## WHAT IS NEEDED
Every line below from the one containing "#130=LINE('',#129,#128);" through the one containing "#138=LINE('',#137,#136);" must be transcribed exactly. Omit all lines outside that stretch.

## Stored items
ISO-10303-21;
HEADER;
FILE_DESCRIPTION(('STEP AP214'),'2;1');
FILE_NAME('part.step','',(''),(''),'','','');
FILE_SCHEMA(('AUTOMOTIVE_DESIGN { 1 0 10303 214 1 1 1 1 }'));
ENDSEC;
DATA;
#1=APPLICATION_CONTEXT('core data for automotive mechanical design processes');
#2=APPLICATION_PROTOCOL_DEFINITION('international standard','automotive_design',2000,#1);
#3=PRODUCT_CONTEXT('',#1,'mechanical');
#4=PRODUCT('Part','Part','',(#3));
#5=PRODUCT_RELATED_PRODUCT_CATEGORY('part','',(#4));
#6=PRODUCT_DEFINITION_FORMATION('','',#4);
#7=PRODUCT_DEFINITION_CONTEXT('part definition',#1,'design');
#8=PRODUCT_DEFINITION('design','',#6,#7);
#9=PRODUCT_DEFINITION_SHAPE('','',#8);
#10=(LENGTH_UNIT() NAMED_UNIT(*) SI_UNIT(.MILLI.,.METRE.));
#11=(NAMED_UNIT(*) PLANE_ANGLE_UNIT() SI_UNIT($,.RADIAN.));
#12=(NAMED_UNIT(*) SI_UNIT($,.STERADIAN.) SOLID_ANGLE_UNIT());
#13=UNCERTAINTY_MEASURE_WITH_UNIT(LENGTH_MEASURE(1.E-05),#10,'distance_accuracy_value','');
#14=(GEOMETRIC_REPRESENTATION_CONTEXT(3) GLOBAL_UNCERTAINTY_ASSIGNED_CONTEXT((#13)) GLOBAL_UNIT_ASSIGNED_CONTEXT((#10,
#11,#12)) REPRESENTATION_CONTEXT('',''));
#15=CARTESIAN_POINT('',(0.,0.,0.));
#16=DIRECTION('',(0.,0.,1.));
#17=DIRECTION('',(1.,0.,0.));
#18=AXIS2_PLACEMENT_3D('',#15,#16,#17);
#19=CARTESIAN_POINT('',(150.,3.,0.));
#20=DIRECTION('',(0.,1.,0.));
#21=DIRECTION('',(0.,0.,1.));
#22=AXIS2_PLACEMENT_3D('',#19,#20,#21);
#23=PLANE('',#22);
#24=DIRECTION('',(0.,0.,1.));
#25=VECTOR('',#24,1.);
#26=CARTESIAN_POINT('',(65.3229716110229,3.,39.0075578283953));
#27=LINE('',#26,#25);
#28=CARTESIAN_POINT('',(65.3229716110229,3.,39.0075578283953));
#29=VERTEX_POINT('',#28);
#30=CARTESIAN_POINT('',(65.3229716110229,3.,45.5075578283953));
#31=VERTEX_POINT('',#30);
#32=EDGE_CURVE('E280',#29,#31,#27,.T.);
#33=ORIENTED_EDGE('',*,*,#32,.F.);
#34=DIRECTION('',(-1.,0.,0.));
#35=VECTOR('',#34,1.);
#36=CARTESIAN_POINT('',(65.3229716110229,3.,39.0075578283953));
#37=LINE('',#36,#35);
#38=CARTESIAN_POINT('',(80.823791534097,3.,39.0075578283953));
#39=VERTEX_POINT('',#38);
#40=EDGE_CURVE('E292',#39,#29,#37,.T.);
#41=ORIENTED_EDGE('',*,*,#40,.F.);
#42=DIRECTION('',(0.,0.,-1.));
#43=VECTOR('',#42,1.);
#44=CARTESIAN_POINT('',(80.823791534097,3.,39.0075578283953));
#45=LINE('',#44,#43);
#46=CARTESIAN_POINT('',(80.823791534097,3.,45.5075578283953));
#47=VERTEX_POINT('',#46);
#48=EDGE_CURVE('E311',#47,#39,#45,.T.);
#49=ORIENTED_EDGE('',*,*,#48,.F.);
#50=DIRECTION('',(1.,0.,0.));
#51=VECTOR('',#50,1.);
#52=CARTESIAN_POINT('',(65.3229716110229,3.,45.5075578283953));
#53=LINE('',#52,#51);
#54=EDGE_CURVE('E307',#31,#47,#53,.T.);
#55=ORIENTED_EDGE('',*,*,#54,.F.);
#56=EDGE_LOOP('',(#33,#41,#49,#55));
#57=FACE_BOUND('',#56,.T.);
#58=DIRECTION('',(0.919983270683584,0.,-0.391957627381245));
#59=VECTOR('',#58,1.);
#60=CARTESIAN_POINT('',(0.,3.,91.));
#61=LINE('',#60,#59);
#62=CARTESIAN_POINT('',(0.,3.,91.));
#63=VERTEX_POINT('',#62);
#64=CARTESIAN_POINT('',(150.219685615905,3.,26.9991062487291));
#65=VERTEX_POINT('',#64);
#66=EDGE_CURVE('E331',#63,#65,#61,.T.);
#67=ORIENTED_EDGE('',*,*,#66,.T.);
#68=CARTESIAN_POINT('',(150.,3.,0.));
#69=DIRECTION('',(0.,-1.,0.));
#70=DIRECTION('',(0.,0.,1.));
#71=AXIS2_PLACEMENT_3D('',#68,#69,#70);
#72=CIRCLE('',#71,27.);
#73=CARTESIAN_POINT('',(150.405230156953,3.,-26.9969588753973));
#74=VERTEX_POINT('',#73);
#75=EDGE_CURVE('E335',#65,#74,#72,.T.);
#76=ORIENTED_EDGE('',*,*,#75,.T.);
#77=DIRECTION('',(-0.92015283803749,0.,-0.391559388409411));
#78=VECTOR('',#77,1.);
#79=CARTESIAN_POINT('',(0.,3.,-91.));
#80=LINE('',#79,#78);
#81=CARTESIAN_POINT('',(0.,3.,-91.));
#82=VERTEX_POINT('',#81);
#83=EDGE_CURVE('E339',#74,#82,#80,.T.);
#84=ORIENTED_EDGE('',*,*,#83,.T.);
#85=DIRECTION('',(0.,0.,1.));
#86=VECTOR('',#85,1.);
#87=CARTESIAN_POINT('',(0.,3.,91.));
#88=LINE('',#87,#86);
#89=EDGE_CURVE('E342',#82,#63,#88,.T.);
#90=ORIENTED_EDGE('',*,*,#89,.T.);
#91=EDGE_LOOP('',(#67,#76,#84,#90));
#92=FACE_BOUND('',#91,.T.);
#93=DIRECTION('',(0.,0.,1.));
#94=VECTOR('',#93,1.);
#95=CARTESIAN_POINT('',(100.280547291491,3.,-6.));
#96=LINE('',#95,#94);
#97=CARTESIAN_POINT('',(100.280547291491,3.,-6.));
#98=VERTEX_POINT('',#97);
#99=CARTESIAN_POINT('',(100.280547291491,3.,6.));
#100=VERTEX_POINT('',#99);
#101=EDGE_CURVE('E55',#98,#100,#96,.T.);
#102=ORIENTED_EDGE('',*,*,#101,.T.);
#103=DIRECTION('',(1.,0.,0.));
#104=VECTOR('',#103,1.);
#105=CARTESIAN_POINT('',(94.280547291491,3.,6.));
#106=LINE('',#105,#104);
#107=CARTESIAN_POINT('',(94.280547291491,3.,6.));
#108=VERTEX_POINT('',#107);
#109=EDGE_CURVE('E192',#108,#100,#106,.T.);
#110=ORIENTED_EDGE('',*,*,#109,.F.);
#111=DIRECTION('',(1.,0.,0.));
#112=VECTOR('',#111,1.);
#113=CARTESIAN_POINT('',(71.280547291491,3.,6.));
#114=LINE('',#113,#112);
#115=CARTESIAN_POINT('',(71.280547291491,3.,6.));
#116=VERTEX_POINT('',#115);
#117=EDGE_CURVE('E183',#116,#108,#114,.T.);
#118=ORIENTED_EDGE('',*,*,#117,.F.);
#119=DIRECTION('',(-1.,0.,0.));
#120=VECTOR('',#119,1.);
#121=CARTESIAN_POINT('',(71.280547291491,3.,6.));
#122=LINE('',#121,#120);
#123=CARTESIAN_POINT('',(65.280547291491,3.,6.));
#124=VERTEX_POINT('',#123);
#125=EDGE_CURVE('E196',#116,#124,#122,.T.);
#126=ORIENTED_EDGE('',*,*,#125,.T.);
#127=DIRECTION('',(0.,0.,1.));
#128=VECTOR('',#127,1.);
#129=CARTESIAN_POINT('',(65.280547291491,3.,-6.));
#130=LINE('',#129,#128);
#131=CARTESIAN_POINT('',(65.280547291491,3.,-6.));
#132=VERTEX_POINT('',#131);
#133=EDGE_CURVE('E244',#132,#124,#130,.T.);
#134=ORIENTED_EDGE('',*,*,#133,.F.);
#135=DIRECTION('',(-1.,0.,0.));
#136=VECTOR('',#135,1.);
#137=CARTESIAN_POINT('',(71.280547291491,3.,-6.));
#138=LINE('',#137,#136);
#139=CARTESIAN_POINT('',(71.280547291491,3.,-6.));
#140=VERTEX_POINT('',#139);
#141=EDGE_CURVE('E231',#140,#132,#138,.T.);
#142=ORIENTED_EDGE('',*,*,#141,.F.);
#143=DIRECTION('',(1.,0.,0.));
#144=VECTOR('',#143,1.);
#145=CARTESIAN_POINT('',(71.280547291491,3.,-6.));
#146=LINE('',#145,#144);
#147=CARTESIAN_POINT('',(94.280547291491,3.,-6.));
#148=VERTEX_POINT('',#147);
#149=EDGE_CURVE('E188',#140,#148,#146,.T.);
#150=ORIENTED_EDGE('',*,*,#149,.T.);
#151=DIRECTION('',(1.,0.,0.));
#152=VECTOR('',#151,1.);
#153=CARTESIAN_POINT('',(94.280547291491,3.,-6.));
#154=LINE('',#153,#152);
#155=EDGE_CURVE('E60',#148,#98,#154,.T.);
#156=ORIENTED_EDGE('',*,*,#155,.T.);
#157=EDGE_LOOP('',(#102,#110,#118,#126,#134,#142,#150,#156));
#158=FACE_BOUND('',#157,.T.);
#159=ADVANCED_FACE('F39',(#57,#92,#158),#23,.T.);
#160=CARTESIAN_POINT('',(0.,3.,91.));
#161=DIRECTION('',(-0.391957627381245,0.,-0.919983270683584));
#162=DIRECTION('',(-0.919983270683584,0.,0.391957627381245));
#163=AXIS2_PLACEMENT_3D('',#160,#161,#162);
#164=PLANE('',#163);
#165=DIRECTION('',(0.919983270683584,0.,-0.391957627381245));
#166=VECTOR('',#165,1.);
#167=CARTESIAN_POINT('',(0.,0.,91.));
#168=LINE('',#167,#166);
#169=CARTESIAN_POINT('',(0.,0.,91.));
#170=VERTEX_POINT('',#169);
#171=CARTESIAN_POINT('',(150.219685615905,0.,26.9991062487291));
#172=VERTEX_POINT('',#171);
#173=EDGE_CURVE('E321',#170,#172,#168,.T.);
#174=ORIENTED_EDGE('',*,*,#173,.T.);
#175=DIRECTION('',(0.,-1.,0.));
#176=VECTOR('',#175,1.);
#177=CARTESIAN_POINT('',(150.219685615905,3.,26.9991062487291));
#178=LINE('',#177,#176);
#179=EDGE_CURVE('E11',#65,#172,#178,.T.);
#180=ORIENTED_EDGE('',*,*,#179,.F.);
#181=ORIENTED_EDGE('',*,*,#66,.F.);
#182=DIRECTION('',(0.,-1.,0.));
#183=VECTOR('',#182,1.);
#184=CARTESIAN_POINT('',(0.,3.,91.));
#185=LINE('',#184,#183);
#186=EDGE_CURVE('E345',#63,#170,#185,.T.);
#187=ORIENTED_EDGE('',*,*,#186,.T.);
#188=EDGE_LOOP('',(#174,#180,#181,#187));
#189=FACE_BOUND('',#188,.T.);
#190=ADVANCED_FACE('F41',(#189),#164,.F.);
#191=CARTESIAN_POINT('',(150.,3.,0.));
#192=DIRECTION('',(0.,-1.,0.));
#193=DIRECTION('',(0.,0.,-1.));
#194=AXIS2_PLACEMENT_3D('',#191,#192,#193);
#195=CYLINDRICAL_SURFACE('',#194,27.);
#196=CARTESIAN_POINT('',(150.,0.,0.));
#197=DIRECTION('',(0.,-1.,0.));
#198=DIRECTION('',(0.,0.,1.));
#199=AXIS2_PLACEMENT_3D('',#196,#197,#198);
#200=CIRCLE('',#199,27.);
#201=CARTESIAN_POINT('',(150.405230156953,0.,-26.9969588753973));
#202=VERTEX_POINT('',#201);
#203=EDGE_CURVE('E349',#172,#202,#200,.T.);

## ANSWER SPACE
#130=LINE('',#129,#128);
#131=CARTESIAN_POINT('',(65.280547291491,3.,-6.));
#132=VERTEX_POINT('',#131);
#133=EDGE_CURVE('E244',#132,#124,#130,.T.);
#134=ORIENTED_EDGE('',*,*,#133,.F.);
#135=DIRECTION('',(-1.,0.,0.));
#136=VECTOR('',#135,1.);
#137=CARTESIAN_POINT('',(71.280547291491,3.,-6.));
#138=LINE('',#137,#136);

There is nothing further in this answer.